In this review, the main objective was to provide a summary and critical analysis of the existing evidence around CB assessment of USN, by investigating the shortcomings and strengths of the approaches followed by previous studies. Another purpose of our review was to generate fresh insight into our understanding of CB tasks and enhance future designs by demonstrating essential indications regarding clinical applicability and utility of CB assessment of USN.

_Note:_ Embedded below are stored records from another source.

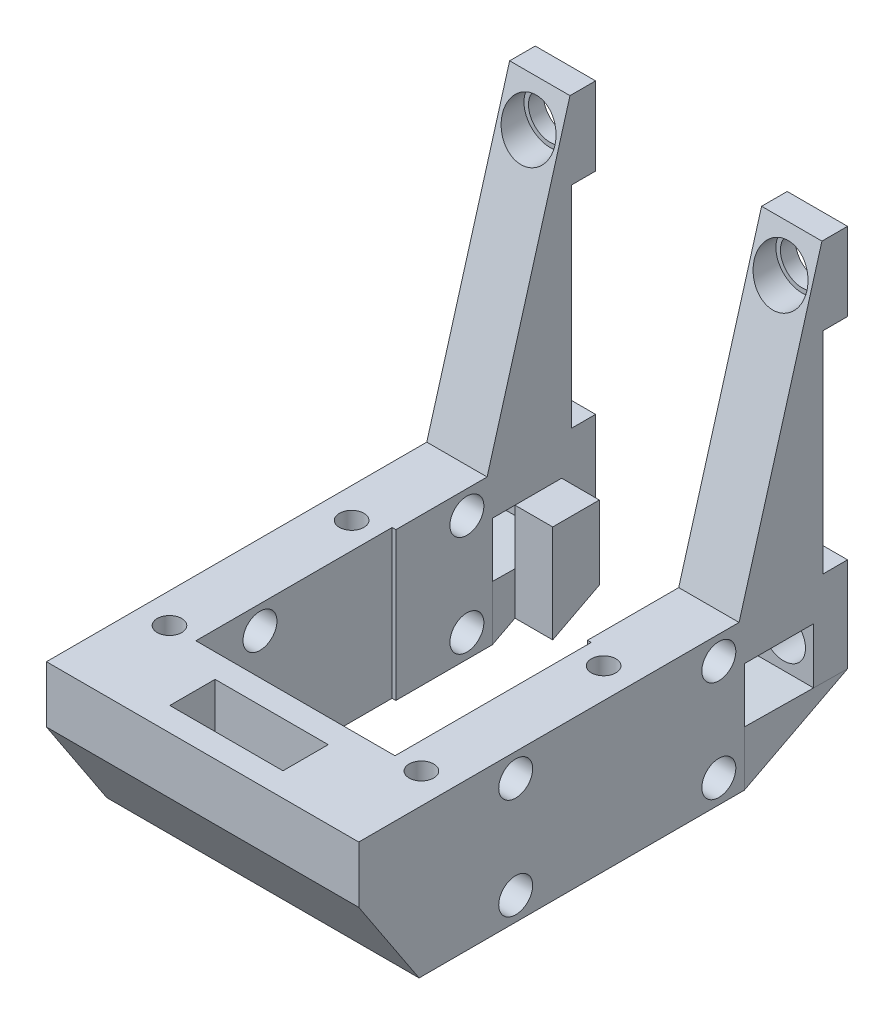
SolidWorks part; units mm, degrees
ref_plane "Front Plane" through (0, 0, 0) normal (0, 0, 1) x (1, 0, 0)
ref_plane "Top Plane" through (0, 0, 0) normal (0, 1, 0) x (1, 0, 0)
ref_plane "Right Plane" through (0, 0, 0) normal (1, 0, 0) x (0, 0, -1)
sketch "Sketch1" plane through (-474.147, -1016.1135, 5527.2949) normal (0, 0, 1) x (1, 0, 0)
  line L1 (211.6017, 683.0822) -> (219.1017, 683.0822)
  line L2 (211.6017, 683.0822) -> (211.6017, 675.5822)
  line L3 (211.6017, 675.5822) -> (219.1017, 675.5822)
  line L4 (219.1017, 683.0822) -> (219.1017, 675.5822)
  line L6 (237.0017, 683.0822) -> (237.0017, 675.5822)
  line L7 (237.0017, 675.5822) -> (229.5017, 675.5822)
  line L8 (229.5017, 683.0822) -> (229.5017, 675.5822)
  line L9 (237.0017, 683.0822) -> (229.5017, 683.0822)
  line L10 (237.0017, 718.5082) -> (229.5017, 718.5082)
  line L11 (237.0017, 711.0082) -> (237.0017, 718.5082)
  line L12 (229.5017, 711.0082) -> (229.5017, 718.5082)
  line L13 (237.0017, 711.0082) -> (229.5017, 711.0082)
  line L14 (211.6017, 718.5082) -> (219.1017, 718.5082)
  line L15 (211.6017, 711.0082) -> (211.6017, 718.5082)
  line L16 (219.1017, 711.0082) -> (219.1017, 718.5082)
  line L17 (211.6017, 711.0082) -> (219.1017, 711.0082)
  line L18 (219.1017, 675.5822) -> (229.5017, 675.5822) construction
  line L20 (237.0017, 683.0822) -> (237.0017, 711.0082) construction
  line L22 (211.6017, 683.0822) -> (211.6017, 711.0082) construction
  line L24 (219.1017, 718.5082) -> (229.5017, 718.5082) construction
  dimension "D1" = 237.1453
  dimension "D2" = 244.6453
  dimension "D3" = 255.0453
  dimension "D4" = 297.6053
  dimension "D5" = 333.0313
extrude "Boss-Extrude1" add sketch "Sketch1" along normal blind 5.5
sketch "Sketch2" plane through (0, 0, 5532.7949) normal (0, 0, 1) x (1, 0, 0)
  line L0 (-229.1453, -333.0313) -> (-229.1453, -340.5313)
  line L1 (-262.5453, -333.0313) -> (-270.5453, -333.0313)
  line L2 (-262.5453, -333.0313) -> (-262.5453, -340.5313)
  line L3 (-262.5453, -340.5313) -> (-270.5453, -340.5313)
  line L4 (-270.5453, -333.0313) -> (-270.5453, -340.5313)
  line L5 (-262.5453, -333.0313) -> (-262.5453, -340.5313) construction
  line L6 (-262.5453, -340.5313) -> (-255.0453, -340.5313) construction
  line L7 (-249.8453, -297.6053) -> (-249.8453, -340.5313) construction
  line L8 (-262.5453, -319.0683) -> (-237.1453, -319.0683) construction
  line L9 (-237.1453, -340.5313) -> (-229.1453, -340.5313)
  line L10 (-237.1453, -333.0313) -> (-237.1453, -340.5313)
  line L11 (-237.1453, -333.0313) -> (-229.1453, -333.0313)
  dimension "D1" = 7.5
  dimension "D2" = 8
  dimension "D3" = 12.7
  dimension "D4" = 21.463
extrude "Boss-Extrude2" add sketch "Sketch2" along normal blind 45 and the other way blind 5.5
sketch "Sketch3" plane through (0, 0, 5577.7949) normal (0, 0, 1) x (1, 0, 0)
  line L0 (-237.1453, -340.5313) -> (-229.1453, -340.5313) construction
  line L1 (-270.5453, -333.0313) -> (-229.1453, -333.0313)
  line L2 (-270.5453, -333.0313) -> (-270.5453, -340.5313)
  line L3 (-270.5453, -340.5313) -> (-229.1453, -340.5313)
  line L4 (-229.1453, -333.0313) -> (-229.1453, -340.5313)
  line L5 (-229.1453, -340.5313) -> (-229.1453, -333.0313) construction
extrude "Boss-Extrude3" add sketch "Sketch3" along normal blind 16
sketch "Sketch4" plane through (-262.5453, 0, 0) normal (-1, 0, 0) x (0, 0, 1)
  line L3 (5527.2949, -333.0313) -> (5527.2949, -294.744)
  line L4 (5527.2949, -294.744) -> (5532.3941, -294.744)
  line L5 (5527.2949, -297.6053) -> (5527.2949, -305.1053) construction
  line L6 (5532.3941, -294.744) -> (5543.3789, -333.0313)
  line L7 (5543.3789, -333.0313) -> (5527.2949, -333.0313)
  line L8 (5539.6853, -333.0313) -> (5577.7949, -333.0313) construction
  point P1 (0, 0)
  point P4 (0, 0)
  point P13 (5543.3789, -333.0313)
extrude "Boss-Extrude4" add sketch "Sketch4" along normal blind 8
ref_plane "Plane1" through (-249.8453, 0, 0) normal (-1, 0, 0) x (0, 0, 1)
mirror "Mirror1" about plane through (-249.8453, 0, 0) normal (-1, 0, 0) of "Boss-Extrude2", "Boss-Extrude4"
sketch "Sketch5" plane through (0, 0, 5532.7949) normal (0, 0, 1) x (1, 0, 0)
  line L0 (-258.7953, -297.6053) -> (-258.7953, -305.1053) construction
  line L1 (-255.0453, -297.6053) -> (-262.5453, -297.6053) construction
  line L2 (-262.5453, -305.1053) -> (-255.0453, -305.1053) construction
  line L3 (-255.0453, -301.3553) -> (-262.5453, -301.3553) construction
  line L4 (-255.0453, -305.1053) -> (-255.0453, -297.6053) construction
  line L5 (-262.5453, -297.6053) -> (-262.5453, -305.1053) construction
  line L6 (-255.0453, -297.6053) -> (-244.6453, -297.6053) construction
  line L7 (-249.8453, -297.6053) -> (-249.8453, -305.1053) construction
  line L8 (-255.0453, -305.1053) -> (-244.6453, -305.1053) construction
  line L9 (-255.0453, -340.5313) -> (-244.6453, -340.5313) construction
  line L10 (-255.0453, -333.0313) -> (-244.6453, -333.0313) construction
  line L11 (-249.8453, -305.1053) -> (-249.8453, -333.0313) construction
  line L12 (-255.0453, -333.0313) -> (-255.0453, -305.1053) construction
  line L13 (-249.8453, -319.0683) -> (-255.0453, -319.0683) construction
  line L14 (-244.6453, -301.3553) -> (-237.1453, -301.3553) construction
  line L15 (-240.8953, -297.6053) -> (-240.8953, -305.1053) construction
  line L16 (-244.6453, -336.7813) -> (-237.1453, -336.7813) construction
  line L17 (-240.8953, -340.5313) -> (-240.8953, -333.0313) construction
  line L18 (-258.7953, -340.5313) -> (-258.7953, -333.0313) construction
  line L19 (-255.0453, -336.7813) -> (-262.5453, -336.7813) construction
  circle A0 centre (-258.7953, -301.3553) radius 2.5
  circle A1 centre (-240.8953, -301.3553) radius 2.5
  circle A2 centre (-240.8953, -336.7813) radius 2.5
  circle A3 centre (-258.7953, -336.7813) radius 2.5
  dimension "D1" = 5
extrude "Cut-Extrude1" cut sketch "Sketch5" against normal blind 8
sketch "Sketch6" plane through (-270.5453, 0, 0) normal (-1, 0, 0) x (0, 0, 1)
  line L0 (5527.2949, -340.5313) -> (5593.7949, -340.5313) construction
  line L1 (5539.6853, -340.5313) -> (5577.7949, -340.5313)
  line L2 (5539.6853, -340.5313) -> (5539.6853, -352.6436)
  line L3 (5539.6853, -352.6436) -> (5577.7949, -352.6436)
  line L4 (5577.7949, -340.5313) -> (5577.7949, -352.6436)
extrude "Boss-Extrude6" add sketch "Sketch6" against normal blind 8
ref_plane "Plane2" through (-249.8453, 0, 0) normal (-1, 0, 0) x (0, 0, 1)
mirror "Mirror2" about plane through (-249.8453, 0, 0) normal (-1, 0, 0) of "Boss-Extrude6"
sketch "Sketch9" plane through (0, 0, 5577.7949) normal (0, 0, 1) x (1, 0, 0)
  line L0 (-262.5453, -352.6436) -> (-270.5453, -352.6436) construction
  line L1 (-270.5453, -352.6436) -> (-229.1453, -352.6436)
  line L2 (-270.5453, -352.6436) -> (-270.5453, -340.5313)
  line L3 (-270.5453, -340.5313) -> (-229.1453, -340.5313)
  line L4 (-229.1453, -352.6436) -> (-229.1453, -340.5313)
  line L5 (-270.5453, -352.6436) -> (-270.5453, -340.5313) construction
  line L6 (-270.5453, -340.5313) -> (-229.1453, -340.5313) construction
extrude "Boss-Extrude7" add sketch "Sketch9" along normal blind 8
sketch "Sketch10" plane through (-270.5453, 0, 0) normal (-1, 0, 0) x (0, 0, 1)
  line L0 (5572.9896, -336.1377) -> (5572.9896, -333.0313) construction
  line L1 (5543.3789, -333.0313) -> (5593.7949, -333.0313) construction
  line L2 (5572.9896, -352.6436) -> (5572.9896, -349.5373) construction
  line L3 (5539.6853, -352.6436) -> (5585.7949, -352.6436) construction
  circle A4 centre (5546.0612, -349.5373) radius 2.25
  circle A5 centre (5572.9896, -349.5373) radius 2.25
  circle A6 centre (5546.0612, -336.1377) radius 2.25
  circle A7 centre (5572.9896, -336.1377) radius 2.25
  dimension "D1" = 4.5
  dimension "D2" = 13.6671
  dimension "D3" = 40.5955
  dimension "D4" = 3.1064
extrude "Cut-Extrude2" cut sketch "Sketch10" against normal through all
sketch "Sketch11" plane through (-270.5453, 0, 0) normal (-1, 0, 0) x (0, 0, 1)
  line L0 (5527.2949, -340.3725) -> (5539.6853, -352.6436)
  line L1 (5527.2949, -294.744) -> (5527.2949, -340.5313) construction
  line L2 (5539.6853, -340.5313) -> (5539.6853, -352.6436) construction
  line L3 (5539.6853, -352.6436) -> (5539.6853, -340.5313)
  line L4 (5527.2949, -340.5313) -> (5539.6853, -340.5313) construction
  line L5 (5539.6853, -340.5313) -> (5527.2949, -340.3725)
  line L7 (5539.6853, -352.6436) -> (5585.7949, -352.6436) construction
  dimension "D1" = 12.2712
extrude "Boss-Extrude8" add sketch "Sketch11" against normal blind 8
sketch "Sketch12" plane through (-229.1453, 0, 0) normal (1, 0, 0) x (0, 0, -1)
  line L0 (-5539.6853, -352.6436) -> (-5527.5467, -340.5313)
  line L1 (-5539.6853, -340.5313) -> (-5539.6853, -352.6436) construction
  line L2 (-5539.6853, -340.5313) -> (-5527.2949, -340.5313) construction
  line L3 (-5527.5467, -340.5313) -> (-5539.6853, -340.5313)
  line L4 (-5539.6853, -340.5313) -> (-5539.6853, -352.6436)
  line L5 (-5527.5501, -340.8533) -> (-5527.1296, -301.2163) construction
  point P6 (-5527.5467, -340.5313)
extrude "Boss-Extrude9" add sketch "Sketch12" against normal blind 8
sketch "Sketch13" plane through (-270.5453, 0, 0) normal (-1, 0, 0) x (0, 0, 1)
  line L0 (5527.8316, -294.744) -> (5527.8316, -302.244) construction
  line L1 (5532.3941, -294.744) -> (5527.2949, -294.744) construction
  line L2 (5527.8316, -340.5313) -> (5527.8316, -333.0313) construction
  line L3 (5527.2949, -294.744) -> (5527.2949, -340.5313) construction
  line L4 (5527.2949, -333.0313) -> (5532.2204, -333.0313)
  line L5 (5527.2949, -333.0313) -> (5527.2949, -305.1053)
  line L6 (5527.2949, -305.1053) -> (5532.2204, -305.1053)
  line L7 (5532.2204, -333.0313) -> (5532.2204, -305.1053)
  point P12 (5532.2204, -333.0313)
  dimension "D1" = 7.5
  dimension "D2" = 7.5
extrude "Cut-Extrude3" cut sketch "Sketch13" against normal through all
sketch "Sketch14" plane through (-270.5453, 0, 0) normal (-1, 0, 0) x (0, 0, 1)
  line L0 (5585.7949, -352.6436) -> (5593.7949, -340.5313)
  line L1 (5585.7949, -340.5313) -> (5585.7949, -352.6436) construction
  line L2 (5585.7949, -340.5313) -> (5593.7949, -340.5313) construction
  line L3 (5593.7949, -340.5313) -> (5585.7949, -340.5313)
  line L4 (5585.7949, -340.5313) -> (5585.7949, -352.6436)
extrude "Boss-Extrude10" add sketch "Sketch14" against normal blind 41.4
sketch "Sketch16" plane through (0, -333.0313, 0) normal (0, 1, 0) x (1, 0, 0)
  line L1 (-263.0453, -5555.4748) -> (-236.6453, -5555.4748)
  line L2 (-263.0453, -5555.4748) -> (-263.0453, -5581.4885)
  line L3 (-263.0453, -5581.4885) -> (-236.6453, -5581.4885)
  line L4 (-236.6453, -5555.4748) -> (-236.6453, -5581.4885)
  line L5 (-263.0453, -5566.5853) -> (-270.5453, -5566.5853) construction
  line L6 (-270.5453, -5543.3789) -> (-270.5453, -5593.7949) construction
  line L7 (-236.6453, -5567.7425) -> (-229.1453, -5567.7425) construction
  line L8 (-229.1453, -5593.7949) -> (-229.1453, -5543.3789) construction
  line L10 (-229.1453, -5543.3789) -> (-237.1453, -5543.3789) construction
  dimension "D1" = 7.5
  dimension "D2" = 12.0959
  dimension "D3" = 23.2064
  dimension "D4" = 24.3636
  dimension "D5" = 38.1096
extrude "Cut-Extrude5" cut sketch "Sketch16" against normal through all
sketch "Sketch17" plane through (0, -297.6053, 0) normal (0, 1, 0) x (1, 0, 0)
  line L1 (-237.1453, -5527.2949) -> (-262.5453, -5527.2949)
  line L2 (-237.1453, -5527.2949) -> (-237.1453, -5532.7949)
  line L3 (-237.1453, -5532.7949) -> (-262.5453, -5532.7949)
  line L4 (-262.5453, -5527.2949) -> (-262.5453, -5532.7949)
extrude "Cut-Extrude6" cut sketch "Sketch17" against normal blind 50
sketch "Sketch18" plane through (0, -294.744, 0) normal (0, 1, 0) x (1, 0, 0)
  line L1 (-270.5453, -5527.2949) -> (-229.1453, -5527.2949)
  line L2 (-270.5453, -5527.2949) -> (-270.5453, -5528.9982)
  line L3 (-270.5453, -5528.9982) -> (-229.1453, -5528.9982)
  line L4 (-229.1453, -5527.2949) -> (-229.1453, -5528.9982)
  line L5 (-229.1453, -5532.3941) -> (-229.1453, -5527.2949) construction
  point P5 (-229.1453, -5528.9982)
  point P7 (0, 0)
extrude "Cut-Extrude7" cut sketch "Sketch18" against normal blind 50
sketch "Sketch19" plane through (0, 0, 5528.9982) normal (0, 0, -1) x (-1, 0, 0)
  line L0 (233.1453, -294.744) -> (233.1453, -305.1053) construction
  line L1 (237.1453, -294.744) -> (229.1453, -294.744) construction
  line L2 (237.1453, -305.1053) -> (229.1453, -305.1053) construction
  line L3 (229.1453, -299.9246) -> (237.1453, -299.9246) construction
  line L4 (229.1453, -305.1053) -> (229.1453, -294.744) construction
  line L5 (237.1453, -305.1053) -> (237.1453, -294.744) construction
  circle A0 centre (233.1453, -299.9246) radius 2.9
  dimension "D1" = 5.8
extrude "Cut-Extrude8" cut sketch "Sketch19" against normal blind 50
ref_plane "Plane3" through (0, 0, 5538.9982) normal (0, 0, -1) x (-1, 0, 0)
sketch "Sketch20" plane through (0, 0, 5538.9982) normal (0, 0, -1) x (-1, 0, 0)
  circle A1 centre (233.1453, -299.9246) radius 3.5
  dimension "D1" = 7
extrude "Cut-Extrude9" cut sketch "Sketch20" along normal blind 8
ref_plane "Plane4" through (-249.8453, 0, 0) normal (-1, 0, 0) x (0, 0, 1)
mirror "Mirror3" about plane through (-249.8453, 0, 0) normal (-1, 0, 0) of "Cut-Extrude9", "Cut-Extrude8"
ref_plane "Plane5" through (0, -319.0683, 0) normal (0, 1, 0) x (1, 0, 0)
sketch "Sketch21" plane through (-270.5453, 0, 0) normal (-1, 0, 0) x (0, 0, 1)
  line L0 (5528.9982, -342.0594) -> (5528.9982, -333.0313) construction
  line L1 (5528.9982, -338.1154) -> (5539.6853, -338.1154)
  line L2 (5528.9982, -338.1154) -> (5528.9982, -352.6436)
  line L3 (5528.9982, -352.6436) -> (5539.6853, -352.6436)
  line L4 (5539.6853, -338.1154) -> (5539.6853, -352.6436)
extrude "Cut-Extrude10" cut sketch "Sketch21" against normal blind 55
sketch "Sketch22" plane through (0, -338.1154, 0) normal (0, -1, 0) x (1, 0, 0)
  line L0 (-262.5453, 5528.9982) -> (-262.5453, 5539.6853) construction
  line L1 (-270.5453, 5528.9982) -> (-262.5453, 5528.9982)
  line L2 (-270.5453, 5528.9982) -> (-270.5453, 5533.4982)
  line L3 (-270.5453, 5533.4982) -> (-262.5453, 5533.4982)
  line L4 (-262.5453, 5528.9982) -> (-262.5453, 5533.4982)
  dimension "D1" = 4.5
extrude "Boss-Extrude11" add sketch "Sketch22" along normal blind 7.4279
mirror "Mirror5" about plane through (-249.8453, 0, 0) normal (-1, 0, 0) of "Boss-Extrude11"
sketch "Sketch23" plane through (0, 0, 5528.9982) normal (0, 0, -1) x (-1, 0, 0)
  circle A0 centre (233.1189, -341.4699) radius 2.9
  dimension "D1" = 5.8
extrude "Cut-Extrude11" cut sketch "Sketch23" against normal blind 5
ref_plane "Plane6" through (-270.5453, -338.1154, 5539.6853) normal (0, 1, 0) x (1, 0, 0)
sketch "Sketch25" plane through (-262.5453, 0, 0) normal (1, 0, 0) x (0, 0, -1)
  line L0 (-5539.6853, -338.1154) -> (-5533.4982, -338.1154) construction
  line L1 (-5539.6853, -352.6436) -> (-5533.4982, -352.6436)
  line L2 (-5539.6853, -352.6436) -> (-5539.6853, -338.1154)
  line L3 (-5539.6853, -338.1154) -> (-5533.4982, -338.1154)
  line L4 (-5533.4982, -352.6436) -> (-5533.4982, -338.1154)
  point P6 (-5539.1835, -338.1154)
  point P9 (-5539.6853, -338.1154)
extrude "Boss-Extrude12" add sketch "Sketch25" along normal blind 5 separate body
sketch "Sketch26" plane through (-270.5453, 0, 0) normal (-1, 0, 0) x (0, 0, 1)
  line L0 (5539.6853, -352.6436) -> (5585.7949, -352.6436) construction
  line L1 (5539.6853, -338.1154) -> (5542.6853, -338.1154)
  line L2 (5539.6853, -338.1154) -> (5539.6853, -352.6436)
  line L3 (5539.6853, -352.6436) -> (5542.6853, -352.6436)
  line L4 (5542.6853, -338.1154) -> (5542.6853, -352.6436)
  point P5 (5542.6853, -352.6436)
  dimension "D1" = 3
extrude "Cut-Extrude12" cut sketch "Sketch26" against normal through all
sketch "Sketch27" plane through (-270.5453, 0, 0) normal (-1, 0, 0) x (0, 0, 1)
  line L0 (5542.6853, -352.6436) -> (5528.9982, -345.5433)
  line L1 (5528.9982, -345.5433) -> (5542.6853, -345.3795)
  line L2 (5542.6853, -352.6436) -> (5542.6853, -338.1154) construction
  line L3 (5542.6853, -345.3795) -> (5542.6853, -352.6436)
extrude "Boss-Extrude15" add sketch "Sketch27" against normal up to surface (8 mm away) separate body up to face at (-262.5453, -345.3795, 5536.5917)
mirror "Mirror6" about plane through (-249.8453, 0, 0) normal (-1, 0, 0) of "Cut-Extrude11"
sketch "Sketch28" plane through (-262.5453, 0, 0) normal (-1, 0, 0) x (0, 0, 1)
  line L0 (5533.4982, -347.8777) -> (5539.6853, -351.0873)
  line L1 (5542.6853, -352.6436) -> (5528.9982, -345.5433) construction
  line L2 (5533.4982, -352.6436) -> (5533.4982, -338.1154) construction
  line L3 (5539.6853, -338.1154) -> (5539.6853, -352.6436) construction
  line L4 (5539.6853, -351.0873) -> (5539.6853, -359.5636)
  line L5 (5539.6853, -377.1583) -> (5539.6853, -333.0313) construction
  line L6 (5539.6853, -359.5636) -> (5533.2622, -359.5636)
  line L7 (5533.2622, -359.5636) -> (5533.4982, -347.8777)
extrude "Cut-Extrude13" cut sketch "Sketch28" against normal through all
mirror "Mirror11" about plane through (-249.8453, 0, 0) normal (-1, 0, 0) of bodies 170 168
sketch "Sketch29" plane through (0, -333.0313, 0) normal (0, 1, 0) x (1, 0, 0)
  line L0 (-249.8453, -5593.7949) -> (-249.8453, -5581.4885) construction
  line L1 (-229.1453, -5593.7949) -> (-270.5453, -5593.7949) construction
  line L2 (-263.0453, -5581.4885) -> (-236.6453, -5581.4885) construction
  line L4 (-242.3453, -5584.6417) -> (-257.3453, -5584.6417)
  line L5 (-242.3453, -5584.6417) -> (-242.3453, -5590.6417)
  line L6 (-242.3453, -5590.6417) -> (-257.3453, -5590.6417)
  line L7 (-257.3453, -5584.6417) -> (-257.3453, -5590.6417)
  line L8 (-242.3453, -5584.6417) -> (-257.3453, -5590.6417) construction
  line L9 (-242.3453, -5590.6417) -> (-257.3453, -5584.6417) construction
  point P6 (-249.8453, -5587.6417)
  dimension "D1" = 15
  dimension "D2" = 6
extrude "Cut-Extrude14" cut sketch "Sketch29" against normal blind 10
sketch "Sketch30" plane through (0, -333.0313, 0) normal (0, 1, 0) x (1, 0, 0)
  line L0 (-270.5453, -5557.3356) -> (-266.5453, -5557.3356) construction
  line L1 (-270.5453, -5543.3789) -> (-270.5453, -5593.7949) construction
  line L2 (-266.5453, -5543.3789) -> (-266.5453, -5565.5846) construction
  line L3 (-270.5453, -5543.3789) -> (-262.5453, -5543.3789) construction
  circle A0 centre (-266.5453, -5557.3356) radius 1.625
  dimension "D1" = 3.25
extrude "Cut-Extrude15" cut sketch "Sketch30" against normal blind 10
sketch "Sketch31" plane through (0, -333.0313, 0) normal (0, 1, 0) x (1, 0, 0)
  line L0 (-229.1453, -5581.4885) -> (-234.0224, -5581.4885) construction
  line L1 (-229.1453, -5593.7949) -> (-229.1453, -5543.3789) construction
  line L2 (-263.0453, -5581.4885) -> (-236.6453, -5581.4885) construction
  line L3 (-233.1453, -5543.3789) -> (-233.1453, -5581.4885) construction
  line L4 (-229.1453, -5543.3789) -> (-237.1453, -5543.3789) construction
  circle A0 centre (-233.1453, -5581.4885) radius 1.625
  dimension "D1" = 3.25
extrude "Cut-Extrude16" cut sketch "Sketch31" against normal blind 10
ref_plane "Plane7" through (-249.8453, 0, 0) normal (-1, 0, 0) x (0, 0, 1)
mirror "Mirror12" about plane through (-249.8453, 0, 0) normal (-1, 0, 0) of "Cut-Extrude16", "Cut-Extrude15"

One of our most important findings relates to the task type; most of the studies preferred to use CB versions of conventional tasks, however, it is revealed that CB tasks with more advanced designs such as RT and visual search tasks (e.g., feature and conjunction) can be more effective in detecting neglect symptoms. It was revealed that these types of tasks can capture more mild/chronic/subclinical cases than simple versions. Similarly, more complex designs, combining a variety of task types with different task demands, can maximize sensitivity by providing a wider data collection. These results are in line with existing evidence that presenting greater task difficulty can enhance sensitivity (Bonato, 2012; Buxbaum et al., 2012). These findings also support the work of other studies in the area demonstrating that divergent tasks can capture distinct components of this multifactorial syndrome (Sacher et al., 2004) and diversity of task demands can highlight disparate deficits associated with USN (Dukewich et al., 2012).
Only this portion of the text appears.